Saturday, August 05, 2006

Flat World Business Rules

By Ernie A. Cevallos


“The Six Sigma master was once the undisputed authority in management. But Fortune is finding that today's smart CEOs are following a different set of rules.” A recent article in Fortune blasted out the news that Jack Welch's rules for running a successful business have gone out, and the poor guy has only been out of the corner office for five (5) years. How time flies. Yet in the offices of corporate America, the momentum of the old rules is strong. Many business leaders are following playbooks that apparently have been distorted by progress and time.

If you didn't see the piece, the list was kind of interesting:


New Rules vs. Old Rules

1 Agile is best; being big can bite you. Big dogs own the street.
2 Find a niche, create something new. Be No. 1 or No. 2 in your market.
3 The customer is king. Shareholders rule.
4 Look out, not in. Be lean and mean.
5 Hire passionate people. Rank your players; go with the A's.
6 Hire a courageous CEO. Hire a charismatic CEO.
7 Admire my soul. Admire my might.

As much as I, along with the rest of the universe, admire the results of what GE accomplished during Jack's tenure, it does not necessarily follow that his leadership "rules" are the be all and end all. Because of Jack's personality and style he is often looked at as a benchmark when it comes to leadership. This is understandable, but as we all know there are lots of other companies that have done extremely well with leadership styles that were very different from Jack's. There are also plenty of examples of ones that have failed with leaders whose styles and rules were like Jack's. I guess that is why they call it "situational leadership."

Jack Welch advocated lean and mean, and lowest cost–and corporate America got out its ax. Welch liked to rank players and weed out the non-performers–and HR departments turned henchmen. Everybody joined the bandwagon including academics, consulting firms, and leaders looking for answers to sustain growth and impress Wall Street. According to Harvard Business School's Rakesh Khurana, this is the legacy of the Old Rules. Managing to create shareholder value became managed earnings, and managing quarter to quarter to please the Street. "That meant a disinvestment in the future," says Khurana, author of "Searching for a Corporate Savior."

The new challenge is about adaptability, agility, inventiveness and, of course, great people. We witnessed how Apple’s innovation with the iPod made the company take off, and how Dell transformed an industry by upending Compaq, IBM, and Hewlett-Packard. Google is the ultimate answer and advertising machine, and nobody imagined that Internet business model till Larry Page and Sergey Brin made it happen, and created a company with a market cap of $114 billion in a short 5 years.
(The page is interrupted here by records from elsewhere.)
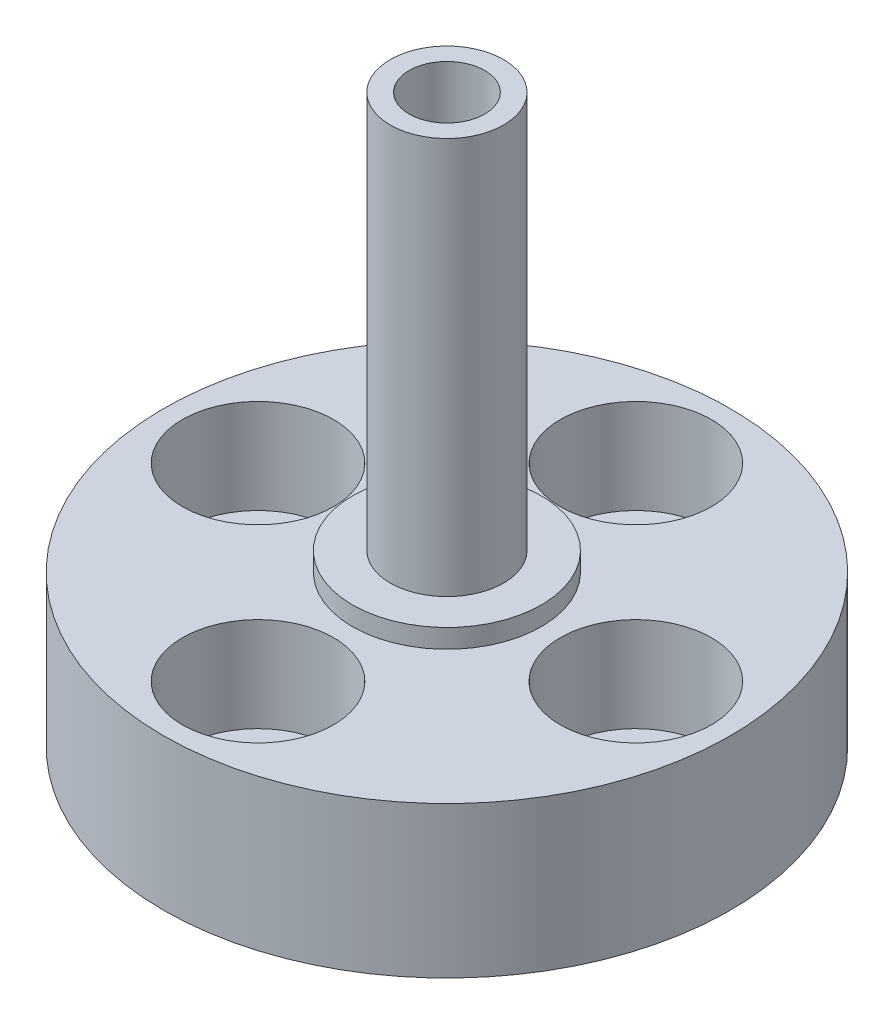
ISO-10303-21;
HEADER;
FILE_DESCRIPTION(('STEP AP214'),'2;1');
FILE_NAME('part.step','',(''),(''),'','','');
FILE_SCHEMA(('AUTOMOTIVE_DESIGN { 1 0 10303 214 1 1 1 1 }'));
ENDSEC;
DATA;
#1=APPLICATION_CONTEXT('core data for automotive mechanical design processes');
#2=APPLICATION_PROTOCOL_DEFINITION('international standard','automotive_design',2000,#1);
#3=PRODUCT_CONTEXT('',#1,'mechanical');
#4=PRODUCT('Part','Part','',(#3));
#5=PRODUCT_RELATED_PRODUCT_CATEGORY('part','',(#4));
#6=PRODUCT_DEFINITION_FORMATION('','',#4);
#7=PRODUCT_DEFINITION_CONTEXT('part definition',#1,'design');
#8=PRODUCT_DEFINITION('design','',#6,#7);
#9=PRODUCT_DEFINITION_SHAPE('','',#8);
#10=(LENGTH_UNIT() NAMED_UNIT(*) SI_UNIT(.MILLI.,.METRE.));
#11=(NAMED_UNIT(*) PLANE_ANGLE_UNIT() SI_UNIT($,.RADIAN.));
#12=(NAMED_UNIT(*) SI_UNIT($,.STERADIAN.) SOLID_ANGLE_UNIT());
#13=UNCERTAINTY_MEASURE_WITH_UNIT(LENGTH_MEASURE(1.E-05),#10,'distance_accuracy_value','');
#14=(GEOMETRIC_REPRESENTATION_CONTEXT(3) GLOBAL_UNCERTAINTY_ASSIGNED_CONTEXT((#13)) GLOBAL_UNIT_ASSIGNED_CONTEXT((#10,
#11,#12)) REPRESENTATION_CONTEXT('',''));
#15=CARTESIAN_POINT('',(0.,0.,0.));
#16=DIRECTION('',(0.,0.,1.));
#17=DIRECTION('',(1.,0.,0.));
#18=AXIS2_PLACEMENT_3D('',#15,#16,#17);
#19=CARTESIAN_POINT('',(0.,8.,0.));
#20=DIRECTION('',(0.,-1.,0.));
#21=DIRECTION('',(0.,0.,-1.));
#22=AXIS2_PLACEMENT_3D('',#19,#20,#21);
#23=CYLINDRICAL_SURFACE('',#22,15.);
#24=CARTESIAN_POINT('',(0.,8.,0.));
#25=DIRECTION('',(0.,1.,0.));
#26=DIRECTION('',(0.,0.,1.));
#27=AXIS2_PLACEMENT_3D('',#24,#25,#26);
#28=CIRCLE('',#27,15.);
#29=CARTESIAN_POINT('',(0.,8.,15.));
#30=VERTEX_POINT('',#29);
#31=EDGE_CURVE('E57',#30,#30,#28,.T.);
#32=ORIENTED_EDGE('',*,*,#31,.F.);
#33=EDGE_LOOP('',(#32));
#34=FACE_BOUND('',#33,.T.);
#35=CARTESIAN_POINT('',(0.,0.,0.));
#36=DIRECTION('',(0.,1.,0.));
#37=DIRECTION('',(0.,0.,1.));
#38=AXIS2_PLACEMENT_3D('',#35,#36,#37);
#39=CIRCLE('',#38,15.);
#40=CARTESIAN_POINT('',(0.,0.,15.));
#41=VERTEX_POINT('',#40);
#42=EDGE_CURVE('E46',#41,#41,#39,.T.);
#43=ORIENTED_EDGE('',*,*,#42,.T.);
#44=EDGE_LOOP('',(#43));
#45=FACE_BOUND('',#44,.T.);
#46=ADVANCED_FACE('F43',(#34,#45),#23,.T.);
#47=CARTESIAN_POINT('',(0.,8.,0.));
#48=DIRECTION('',(0.,1.,0.));
#49=DIRECTION('',(0.,0.,1.));
#50=AXIS2_PLACEMENT_3D('',#47,#48,#49);
#51=PLANE('',#50);
#52=CARTESIAN_POINT('',(-10.,8.,0.));
#53=DIRECTION('',(0.,1.,0.));
#54=DIRECTION('',(0.,0.,1.));
#55=AXIS2_PLACEMENT_3D('',#52,#53,#54);
#56=CIRCLE('',#55,4.00000000000001);
#57=CARTESIAN_POINT('',(-10.,8.,4.00000000000001));
#58=VERTEX_POINT('',#57);
#59=EDGE_CURVE('E287',#58,#58,#56,.T.);
#60=ORIENTED_EDGE('',*,*,#59,.F.);
#61=EDGE_LOOP('',(#60));
#62=FACE_BOUND('',#61,.T.);
#63=CARTESIAN_POINT('',(0.,8.,-10.));
#64=DIRECTION('',(0.,1.,0.));
#65=DIRECTION('',(0.,0.,1.));
#66=AXIS2_PLACEMENT_3D('',#63,#64,#65);
#67=CIRCLE('',#66,4.00000000000001);
#68=CARTESIAN_POINT('',(0.,8.,-5.99999999999999));
#69=VERTEX_POINT('',#68);
#70=EDGE_CURVE('E308',#69,#69,#67,.T.);
#71=ORIENTED_EDGE('',*,*,#70,.F.);
#72=EDGE_LOOP('',(#71));
#73=FACE_BOUND('',#72,.T.);
#74=CARTESIAN_POINT('',(10.,8.,0.));
#75=DIRECTION('',(0.,1.,0.));
#76=DIRECTION('',(0.,0.,1.));
#77=AXIS2_PLACEMENT_3D('',#74,#75,#76);
#78=CIRCLE('',#77,4.00000000000001);
#79=CARTESIAN_POINT('',(10.,8.,4.00000000000001));
#80=VERTEX_POINT('',#79);
#81=EDGE_CURVE('E324',#80,#80,#78,.T.);
#82=ORIENTED_EDGE('',*,*,#81,.F.);
#83=EDGE_LOOP('',(#82));
#84=FACE_BOUND('',#83,.T.);
#85=CARTESIAN_POINT('',(0.,8.,10.));
#86=DIRECTION('',(0.,1.,0.));
#87=DIRECTION('',(0.,0.,1.));
#88=AXIS2_PLACEMENT_3D('',#85,#86,#87);
#89=CIRCLE('',#88,4.00000000000001);
#90=CARTESIAN_POINT('',(0.,8.,14.));
#91=VERTEX_POINT('',#90);
#92=EDGE_CURVE('E340',#91,#91,#89,.T.);
#93=ORIENTED_EDGE('',*,*,#92,.F.);
#94=EDGE_LOOP('',(#93));
#95=FACE_BOUND('',#94,.T.);
#96=CARTESIAN_POINT('',(0.,8.,0.));
#97=DIRECTION('',(0.,1.,0.));
#98=DIRECTION('',(0.,0.,1.));
#99=AXIS2_PLACEMENT_3D('',#96,#97,#98);
#100=CIRCLE('',#99,5.);
#101=CARTESIAN_POINT('',(0.,8.,5.));
#102=VERTEX_POINT('',#101);
#103=EDGE_CURVE('E51',#102,#102,#100,.T.);
#104=ORIENTED_EDGE('',*,*,#103,.F.);
#105=EDGE_LOOP('',(#104));
#106=FACE_BOUND('',#105,.T.);
#107=ORIENTED_EDGE('',*,*,#31,.T.);
#108=EDGE_LOOP('',(#107));
#109=FACE_BOUND('',#108,.T.);
#110=ADVANCED_FACE('F78',(#62,#73,#84,#95,#106,#109),#51,.T.);
#111=CARTESIAN_POINT('',(0.,0.,0.));
#112=DIRECTION('',(0.,1.,0.));
#113=DIRECTION('',(0.,0.,1.));
#114=AXIS2_PLACEMENT_3D('',#111,#112,#113);
#115=PLANE('',#114);
#116=CARTESIAN_POINT('',(-10.,0.,0.));
#117=DIRECTION('',(0.,1.,0.));
#118=DIRECTION('',(0.,0.,1.));
#119=AXIS2_PLACEMENT_3D('',#116,#117,#118);
#120=CIRCLE('',#119,2.00000000000001);
#121=CARTESIAN_POINT('',(-10.,0.,2.00000000000001));
#122=VERTEX_POINT('',#121);
#123=EDGE_CURVE('E305',#122,#122,#120,.T.);
#124=ORIENTED_EDGE('',*,*,#123,.T.);
#125=EDGE_LOOP('',(#124));
#126=FACE_BOUND('',#125,.T.);
#127=CARTESIAN_POINT('',(0.,0.,-10.));
#128=DIRECTION('',(0.,1.,0.));
#129=DIRECTION('',(0.,0.,1.));
#130=AXIS2_PLACEMENT_3D('',#127,#128,#129);
#131=CIRCLE('',#130,2.00000000000001);
#132=CARTESIAN_POINT('',(0.,0.,-7.99999999999999));
#133=VERTEX_POINT('',#132);
#134=EDGE_CURVE('E320',#133,#133,#131,.T.);
#135=ORIENTED_EDGE('',*,*,#134,.T.);
#136=EDGE_LOOP('',(#135));
#137=FACE_BOUND('',#136,.T.);
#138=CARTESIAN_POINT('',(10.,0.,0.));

So, I don't know if it's the fact that the "rules" of leadership have really changed and the old ones don't work anymore–or if it is simply that we have "new rules" driven by paradigm shifts such as globalization, the Internet, recognition of human capital, and technology breakthroughs. Whatever it was, things changed, and there are seven old rules with apparent limitations–and seven replacements that point toward a new model for success.